Vittorio Matteo Corcos (4 October 1859 – 8 November 1933) was an Italian painter, known for his portraits. Many of his genre works depict winsome and finely dressed young men and women, in moments of repose and recreation.

== Biography ==
He was born to Jewish parents, Isacco and Giuditta Baquis, in Livorno. He trained at the Academy of Fine Arts of Florence under Enrico Pollastrini. Between 1878 and 1879 he worked under Domenico Morelli in Naples.

He then traveled to Paris where he met Léon Bonnat, and signed a contract with the Goupil & Cie, he was able to supplement his income as a portrait painter with illustrations for magazines. He frequented the circles of Giuseppe De Nittis. Between 1881 and 1886, he frequently exhibited at the Salon.

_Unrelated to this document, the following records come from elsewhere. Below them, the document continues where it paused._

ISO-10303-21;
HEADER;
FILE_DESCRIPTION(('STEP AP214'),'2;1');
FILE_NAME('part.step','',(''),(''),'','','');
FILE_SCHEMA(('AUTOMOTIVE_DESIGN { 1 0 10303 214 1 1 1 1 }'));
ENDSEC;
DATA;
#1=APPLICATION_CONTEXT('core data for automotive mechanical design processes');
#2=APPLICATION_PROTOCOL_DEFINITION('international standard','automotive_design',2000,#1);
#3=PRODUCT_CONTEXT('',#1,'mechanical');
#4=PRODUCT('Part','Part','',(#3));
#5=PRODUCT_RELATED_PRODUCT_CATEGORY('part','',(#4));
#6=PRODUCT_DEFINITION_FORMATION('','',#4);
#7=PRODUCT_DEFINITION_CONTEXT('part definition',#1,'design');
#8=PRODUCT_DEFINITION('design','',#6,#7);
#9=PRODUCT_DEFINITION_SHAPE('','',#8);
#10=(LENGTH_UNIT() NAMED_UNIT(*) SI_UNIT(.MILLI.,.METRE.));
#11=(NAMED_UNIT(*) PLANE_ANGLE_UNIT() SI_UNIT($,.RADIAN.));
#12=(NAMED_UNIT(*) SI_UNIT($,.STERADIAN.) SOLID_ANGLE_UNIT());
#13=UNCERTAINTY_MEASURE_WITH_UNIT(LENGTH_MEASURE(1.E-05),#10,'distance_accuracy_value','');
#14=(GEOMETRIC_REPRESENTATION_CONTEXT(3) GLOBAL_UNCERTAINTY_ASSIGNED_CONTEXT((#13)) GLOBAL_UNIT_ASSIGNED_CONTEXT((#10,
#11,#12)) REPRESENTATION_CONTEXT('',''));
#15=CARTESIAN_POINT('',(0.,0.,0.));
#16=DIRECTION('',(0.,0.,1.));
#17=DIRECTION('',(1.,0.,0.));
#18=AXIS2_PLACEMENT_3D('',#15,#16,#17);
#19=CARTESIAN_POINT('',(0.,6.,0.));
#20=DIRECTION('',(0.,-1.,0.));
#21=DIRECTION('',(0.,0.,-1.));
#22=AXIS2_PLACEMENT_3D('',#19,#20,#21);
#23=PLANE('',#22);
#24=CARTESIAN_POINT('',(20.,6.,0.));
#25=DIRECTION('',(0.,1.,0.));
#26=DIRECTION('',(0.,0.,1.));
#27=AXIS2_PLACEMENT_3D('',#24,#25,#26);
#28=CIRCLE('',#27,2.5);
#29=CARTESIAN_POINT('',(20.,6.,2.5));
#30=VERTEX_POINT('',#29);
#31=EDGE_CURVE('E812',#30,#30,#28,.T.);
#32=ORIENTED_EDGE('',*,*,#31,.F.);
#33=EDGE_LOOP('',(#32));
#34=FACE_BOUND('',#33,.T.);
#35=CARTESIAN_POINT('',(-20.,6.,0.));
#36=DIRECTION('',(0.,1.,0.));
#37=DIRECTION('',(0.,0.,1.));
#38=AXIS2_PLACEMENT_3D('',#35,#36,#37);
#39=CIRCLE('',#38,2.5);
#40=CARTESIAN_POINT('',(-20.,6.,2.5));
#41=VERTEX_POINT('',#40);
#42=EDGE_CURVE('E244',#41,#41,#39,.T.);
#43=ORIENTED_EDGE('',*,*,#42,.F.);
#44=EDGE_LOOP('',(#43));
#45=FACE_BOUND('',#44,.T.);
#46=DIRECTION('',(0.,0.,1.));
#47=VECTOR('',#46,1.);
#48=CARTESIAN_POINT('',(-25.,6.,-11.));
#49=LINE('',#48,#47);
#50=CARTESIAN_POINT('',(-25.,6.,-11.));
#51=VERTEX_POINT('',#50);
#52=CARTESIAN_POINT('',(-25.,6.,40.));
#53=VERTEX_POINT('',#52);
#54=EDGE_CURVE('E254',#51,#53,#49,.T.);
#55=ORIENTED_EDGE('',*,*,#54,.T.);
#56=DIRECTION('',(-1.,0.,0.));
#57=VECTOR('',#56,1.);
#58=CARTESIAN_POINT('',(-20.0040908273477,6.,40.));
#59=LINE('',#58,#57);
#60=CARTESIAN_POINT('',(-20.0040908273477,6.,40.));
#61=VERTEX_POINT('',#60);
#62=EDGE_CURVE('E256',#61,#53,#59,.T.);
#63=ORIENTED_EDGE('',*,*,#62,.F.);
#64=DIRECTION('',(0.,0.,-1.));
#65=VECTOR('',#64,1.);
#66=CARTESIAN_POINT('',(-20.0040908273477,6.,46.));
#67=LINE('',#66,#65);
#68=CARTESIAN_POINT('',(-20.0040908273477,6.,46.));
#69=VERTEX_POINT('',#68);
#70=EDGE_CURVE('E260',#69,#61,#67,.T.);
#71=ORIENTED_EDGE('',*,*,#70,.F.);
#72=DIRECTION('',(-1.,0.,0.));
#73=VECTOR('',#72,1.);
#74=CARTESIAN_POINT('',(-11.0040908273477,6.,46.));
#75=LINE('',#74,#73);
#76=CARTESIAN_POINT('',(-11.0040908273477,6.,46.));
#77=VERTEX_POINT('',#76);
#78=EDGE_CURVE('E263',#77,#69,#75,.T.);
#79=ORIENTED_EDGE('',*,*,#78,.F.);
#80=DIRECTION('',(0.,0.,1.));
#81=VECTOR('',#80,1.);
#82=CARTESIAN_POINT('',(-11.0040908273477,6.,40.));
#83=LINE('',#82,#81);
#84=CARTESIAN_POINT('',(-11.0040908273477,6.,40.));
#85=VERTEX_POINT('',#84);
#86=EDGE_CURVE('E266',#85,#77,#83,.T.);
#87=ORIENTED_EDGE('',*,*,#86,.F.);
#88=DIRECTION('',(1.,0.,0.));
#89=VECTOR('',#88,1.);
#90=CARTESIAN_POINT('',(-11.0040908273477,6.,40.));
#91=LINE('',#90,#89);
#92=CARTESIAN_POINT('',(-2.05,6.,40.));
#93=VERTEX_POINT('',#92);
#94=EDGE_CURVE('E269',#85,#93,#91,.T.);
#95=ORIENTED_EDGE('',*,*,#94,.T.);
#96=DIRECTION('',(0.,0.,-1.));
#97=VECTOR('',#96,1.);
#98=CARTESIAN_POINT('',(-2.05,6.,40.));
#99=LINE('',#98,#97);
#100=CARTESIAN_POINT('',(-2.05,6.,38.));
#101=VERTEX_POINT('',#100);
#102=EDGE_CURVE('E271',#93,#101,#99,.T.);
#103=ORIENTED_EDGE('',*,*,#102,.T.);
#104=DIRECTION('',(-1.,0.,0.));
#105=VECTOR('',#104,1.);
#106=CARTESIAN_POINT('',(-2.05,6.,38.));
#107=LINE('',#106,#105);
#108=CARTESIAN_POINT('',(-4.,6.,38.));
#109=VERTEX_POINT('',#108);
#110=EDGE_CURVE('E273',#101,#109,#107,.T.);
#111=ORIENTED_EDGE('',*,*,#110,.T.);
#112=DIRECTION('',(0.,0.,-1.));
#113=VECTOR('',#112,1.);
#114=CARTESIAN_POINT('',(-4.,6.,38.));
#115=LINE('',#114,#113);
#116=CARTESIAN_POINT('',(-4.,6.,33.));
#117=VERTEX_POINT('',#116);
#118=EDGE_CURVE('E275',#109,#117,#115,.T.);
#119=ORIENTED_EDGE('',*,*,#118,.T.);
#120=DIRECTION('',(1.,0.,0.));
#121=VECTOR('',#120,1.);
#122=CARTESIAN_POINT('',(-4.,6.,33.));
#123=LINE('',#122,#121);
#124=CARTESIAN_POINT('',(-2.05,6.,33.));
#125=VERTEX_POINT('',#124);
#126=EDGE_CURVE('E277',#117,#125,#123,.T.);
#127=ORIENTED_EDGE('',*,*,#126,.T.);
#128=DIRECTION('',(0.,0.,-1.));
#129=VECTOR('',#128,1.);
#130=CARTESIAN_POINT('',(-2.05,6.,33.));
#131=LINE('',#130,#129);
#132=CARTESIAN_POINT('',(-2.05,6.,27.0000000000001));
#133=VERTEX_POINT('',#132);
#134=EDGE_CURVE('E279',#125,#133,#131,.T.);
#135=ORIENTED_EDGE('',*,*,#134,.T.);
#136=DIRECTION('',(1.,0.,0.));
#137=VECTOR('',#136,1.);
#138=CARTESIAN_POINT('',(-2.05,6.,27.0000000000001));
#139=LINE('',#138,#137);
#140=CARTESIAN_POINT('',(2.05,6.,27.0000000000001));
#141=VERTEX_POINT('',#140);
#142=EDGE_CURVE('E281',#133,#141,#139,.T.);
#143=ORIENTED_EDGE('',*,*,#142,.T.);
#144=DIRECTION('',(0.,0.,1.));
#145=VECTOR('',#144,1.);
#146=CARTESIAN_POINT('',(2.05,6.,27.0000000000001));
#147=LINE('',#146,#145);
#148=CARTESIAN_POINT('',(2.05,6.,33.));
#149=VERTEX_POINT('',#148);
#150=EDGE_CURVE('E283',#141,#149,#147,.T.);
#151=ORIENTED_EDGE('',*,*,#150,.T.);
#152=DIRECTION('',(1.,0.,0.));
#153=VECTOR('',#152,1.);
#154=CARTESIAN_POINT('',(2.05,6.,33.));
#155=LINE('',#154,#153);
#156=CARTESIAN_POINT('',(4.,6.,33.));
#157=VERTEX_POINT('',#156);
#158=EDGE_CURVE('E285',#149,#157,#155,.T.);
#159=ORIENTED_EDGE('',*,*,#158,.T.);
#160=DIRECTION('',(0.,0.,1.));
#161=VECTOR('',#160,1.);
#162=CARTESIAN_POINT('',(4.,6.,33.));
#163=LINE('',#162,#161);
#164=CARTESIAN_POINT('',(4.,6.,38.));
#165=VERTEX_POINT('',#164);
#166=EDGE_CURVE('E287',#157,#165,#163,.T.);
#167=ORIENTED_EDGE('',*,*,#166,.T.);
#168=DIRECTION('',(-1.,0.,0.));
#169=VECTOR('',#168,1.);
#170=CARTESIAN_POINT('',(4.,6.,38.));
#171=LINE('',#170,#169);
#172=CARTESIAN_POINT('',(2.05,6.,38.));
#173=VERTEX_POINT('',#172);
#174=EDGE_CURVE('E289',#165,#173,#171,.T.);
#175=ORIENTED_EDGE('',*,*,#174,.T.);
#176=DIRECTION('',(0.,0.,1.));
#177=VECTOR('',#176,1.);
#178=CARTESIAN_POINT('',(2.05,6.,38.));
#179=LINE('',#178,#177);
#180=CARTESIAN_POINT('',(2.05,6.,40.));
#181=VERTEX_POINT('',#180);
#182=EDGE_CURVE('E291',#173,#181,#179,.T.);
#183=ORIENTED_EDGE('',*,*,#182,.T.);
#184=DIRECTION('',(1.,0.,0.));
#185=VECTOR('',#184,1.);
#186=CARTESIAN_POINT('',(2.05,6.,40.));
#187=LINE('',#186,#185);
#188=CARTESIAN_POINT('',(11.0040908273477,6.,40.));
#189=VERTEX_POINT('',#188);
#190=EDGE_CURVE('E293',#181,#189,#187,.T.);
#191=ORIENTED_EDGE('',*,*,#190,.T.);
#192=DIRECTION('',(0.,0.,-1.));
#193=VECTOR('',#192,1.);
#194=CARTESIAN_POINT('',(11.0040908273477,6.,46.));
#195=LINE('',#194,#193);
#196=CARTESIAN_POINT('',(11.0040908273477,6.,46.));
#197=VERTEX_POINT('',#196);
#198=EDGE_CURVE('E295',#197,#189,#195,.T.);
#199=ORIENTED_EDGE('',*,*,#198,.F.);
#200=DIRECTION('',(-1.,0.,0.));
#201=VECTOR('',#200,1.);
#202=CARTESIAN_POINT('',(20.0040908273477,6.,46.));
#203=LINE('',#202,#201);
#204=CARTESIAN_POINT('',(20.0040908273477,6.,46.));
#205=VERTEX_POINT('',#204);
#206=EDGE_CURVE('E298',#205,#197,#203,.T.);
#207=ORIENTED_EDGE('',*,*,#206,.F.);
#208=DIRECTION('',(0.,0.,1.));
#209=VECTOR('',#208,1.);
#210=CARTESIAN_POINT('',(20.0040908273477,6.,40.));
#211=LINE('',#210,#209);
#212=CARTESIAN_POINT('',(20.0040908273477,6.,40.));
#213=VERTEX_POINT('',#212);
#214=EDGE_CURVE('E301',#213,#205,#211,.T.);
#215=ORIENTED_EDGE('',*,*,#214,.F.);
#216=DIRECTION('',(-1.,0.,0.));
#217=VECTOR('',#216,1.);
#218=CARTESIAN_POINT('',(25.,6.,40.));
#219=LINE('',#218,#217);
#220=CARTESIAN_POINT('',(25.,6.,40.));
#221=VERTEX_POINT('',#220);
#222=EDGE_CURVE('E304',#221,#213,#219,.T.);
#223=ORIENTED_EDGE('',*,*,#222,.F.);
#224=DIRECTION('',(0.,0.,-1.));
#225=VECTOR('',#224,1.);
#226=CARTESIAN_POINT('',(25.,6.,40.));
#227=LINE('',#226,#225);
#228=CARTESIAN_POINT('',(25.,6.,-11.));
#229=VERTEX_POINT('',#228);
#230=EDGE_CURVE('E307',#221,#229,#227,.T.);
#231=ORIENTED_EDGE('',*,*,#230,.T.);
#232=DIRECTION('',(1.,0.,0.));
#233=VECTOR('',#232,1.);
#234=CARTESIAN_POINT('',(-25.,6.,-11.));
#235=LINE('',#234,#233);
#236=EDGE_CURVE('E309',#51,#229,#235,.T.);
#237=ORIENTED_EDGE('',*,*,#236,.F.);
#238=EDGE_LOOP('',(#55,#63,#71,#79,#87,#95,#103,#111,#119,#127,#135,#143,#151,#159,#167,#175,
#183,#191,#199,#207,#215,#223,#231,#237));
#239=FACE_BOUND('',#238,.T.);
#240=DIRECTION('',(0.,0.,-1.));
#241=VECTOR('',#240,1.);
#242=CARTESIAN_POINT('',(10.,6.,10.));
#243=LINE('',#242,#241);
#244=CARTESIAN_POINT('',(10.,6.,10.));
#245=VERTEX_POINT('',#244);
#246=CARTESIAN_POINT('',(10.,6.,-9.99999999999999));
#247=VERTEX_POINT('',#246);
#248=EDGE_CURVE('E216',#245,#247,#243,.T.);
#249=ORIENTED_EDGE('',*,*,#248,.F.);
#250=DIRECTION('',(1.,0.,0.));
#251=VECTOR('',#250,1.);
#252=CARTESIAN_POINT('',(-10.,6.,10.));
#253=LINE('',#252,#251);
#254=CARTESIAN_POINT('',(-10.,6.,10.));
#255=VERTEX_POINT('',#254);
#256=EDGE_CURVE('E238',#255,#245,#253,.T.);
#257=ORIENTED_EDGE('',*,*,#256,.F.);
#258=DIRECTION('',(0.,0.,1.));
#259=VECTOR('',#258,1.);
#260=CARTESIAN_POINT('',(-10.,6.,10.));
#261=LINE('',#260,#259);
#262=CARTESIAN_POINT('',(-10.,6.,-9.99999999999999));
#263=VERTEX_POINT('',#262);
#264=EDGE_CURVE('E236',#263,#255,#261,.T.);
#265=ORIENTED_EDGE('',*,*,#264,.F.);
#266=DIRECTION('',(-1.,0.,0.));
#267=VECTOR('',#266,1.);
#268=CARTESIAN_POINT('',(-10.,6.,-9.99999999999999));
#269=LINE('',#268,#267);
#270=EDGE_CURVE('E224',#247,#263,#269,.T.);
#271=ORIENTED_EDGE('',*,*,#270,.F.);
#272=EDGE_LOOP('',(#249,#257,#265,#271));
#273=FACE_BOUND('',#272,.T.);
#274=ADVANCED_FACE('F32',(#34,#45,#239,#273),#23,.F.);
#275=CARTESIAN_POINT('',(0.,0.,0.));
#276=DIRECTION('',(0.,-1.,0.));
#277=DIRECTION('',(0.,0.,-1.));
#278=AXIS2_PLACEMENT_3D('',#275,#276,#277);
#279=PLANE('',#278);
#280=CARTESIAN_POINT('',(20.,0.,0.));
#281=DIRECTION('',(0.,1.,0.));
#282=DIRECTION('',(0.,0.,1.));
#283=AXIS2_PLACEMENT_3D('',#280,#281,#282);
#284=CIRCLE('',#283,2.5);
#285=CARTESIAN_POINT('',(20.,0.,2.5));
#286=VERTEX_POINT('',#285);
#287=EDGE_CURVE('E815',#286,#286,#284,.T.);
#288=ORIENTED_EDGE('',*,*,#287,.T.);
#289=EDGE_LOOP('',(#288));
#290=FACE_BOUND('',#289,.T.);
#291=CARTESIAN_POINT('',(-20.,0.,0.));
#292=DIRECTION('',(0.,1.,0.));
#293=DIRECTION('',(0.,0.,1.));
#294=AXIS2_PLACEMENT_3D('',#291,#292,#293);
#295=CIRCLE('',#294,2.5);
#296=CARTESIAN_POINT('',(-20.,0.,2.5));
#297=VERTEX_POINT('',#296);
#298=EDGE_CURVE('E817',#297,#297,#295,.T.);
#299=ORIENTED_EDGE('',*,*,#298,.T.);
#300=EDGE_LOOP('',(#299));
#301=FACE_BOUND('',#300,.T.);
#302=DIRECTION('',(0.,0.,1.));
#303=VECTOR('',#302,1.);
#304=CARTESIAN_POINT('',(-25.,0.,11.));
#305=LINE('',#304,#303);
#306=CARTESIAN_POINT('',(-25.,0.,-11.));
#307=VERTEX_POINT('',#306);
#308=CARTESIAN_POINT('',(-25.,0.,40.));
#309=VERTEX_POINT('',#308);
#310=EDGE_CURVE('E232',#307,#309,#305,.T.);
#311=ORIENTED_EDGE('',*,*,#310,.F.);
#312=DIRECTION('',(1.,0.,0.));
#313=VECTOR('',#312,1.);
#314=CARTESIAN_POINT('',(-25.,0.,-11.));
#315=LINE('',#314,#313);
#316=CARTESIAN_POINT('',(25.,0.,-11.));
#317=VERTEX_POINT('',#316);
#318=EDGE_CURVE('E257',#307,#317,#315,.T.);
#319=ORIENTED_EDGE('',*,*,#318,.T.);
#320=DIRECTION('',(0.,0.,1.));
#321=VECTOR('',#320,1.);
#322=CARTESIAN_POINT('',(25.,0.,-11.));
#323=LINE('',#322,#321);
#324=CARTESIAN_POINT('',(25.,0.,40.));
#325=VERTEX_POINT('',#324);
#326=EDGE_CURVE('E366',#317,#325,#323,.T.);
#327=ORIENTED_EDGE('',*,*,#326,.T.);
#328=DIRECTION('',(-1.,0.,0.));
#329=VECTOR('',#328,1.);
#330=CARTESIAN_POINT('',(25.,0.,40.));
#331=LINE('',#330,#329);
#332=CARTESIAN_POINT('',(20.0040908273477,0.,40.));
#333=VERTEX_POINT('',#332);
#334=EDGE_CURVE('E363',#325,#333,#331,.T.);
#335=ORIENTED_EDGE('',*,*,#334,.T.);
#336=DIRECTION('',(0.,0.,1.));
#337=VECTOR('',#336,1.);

He returned to Italy in 1886, putatively to join the army, and settled in Florence. He converted to Catholicism and married a widow, Emma Ciabatti. In Florence, he made friends in the intellectual circles, and made portraits of Silvestro Lega, Giosue Carducci, and Pietro Mascagni. After 1900, he wrote for the Florentine Journal Il Marzocco. He also published a short story in the magazine Fanfulla della Domenica titled Mademoiselle Leprince. In 1904, he traveled to Potsdam to paint Emperor William II and other members of the German monarchy. During World War I, his son died in battle in 1916. In the 1920s he joined the Gruppo Labronico along with Plinio Nomellini and Ulvi Liegi.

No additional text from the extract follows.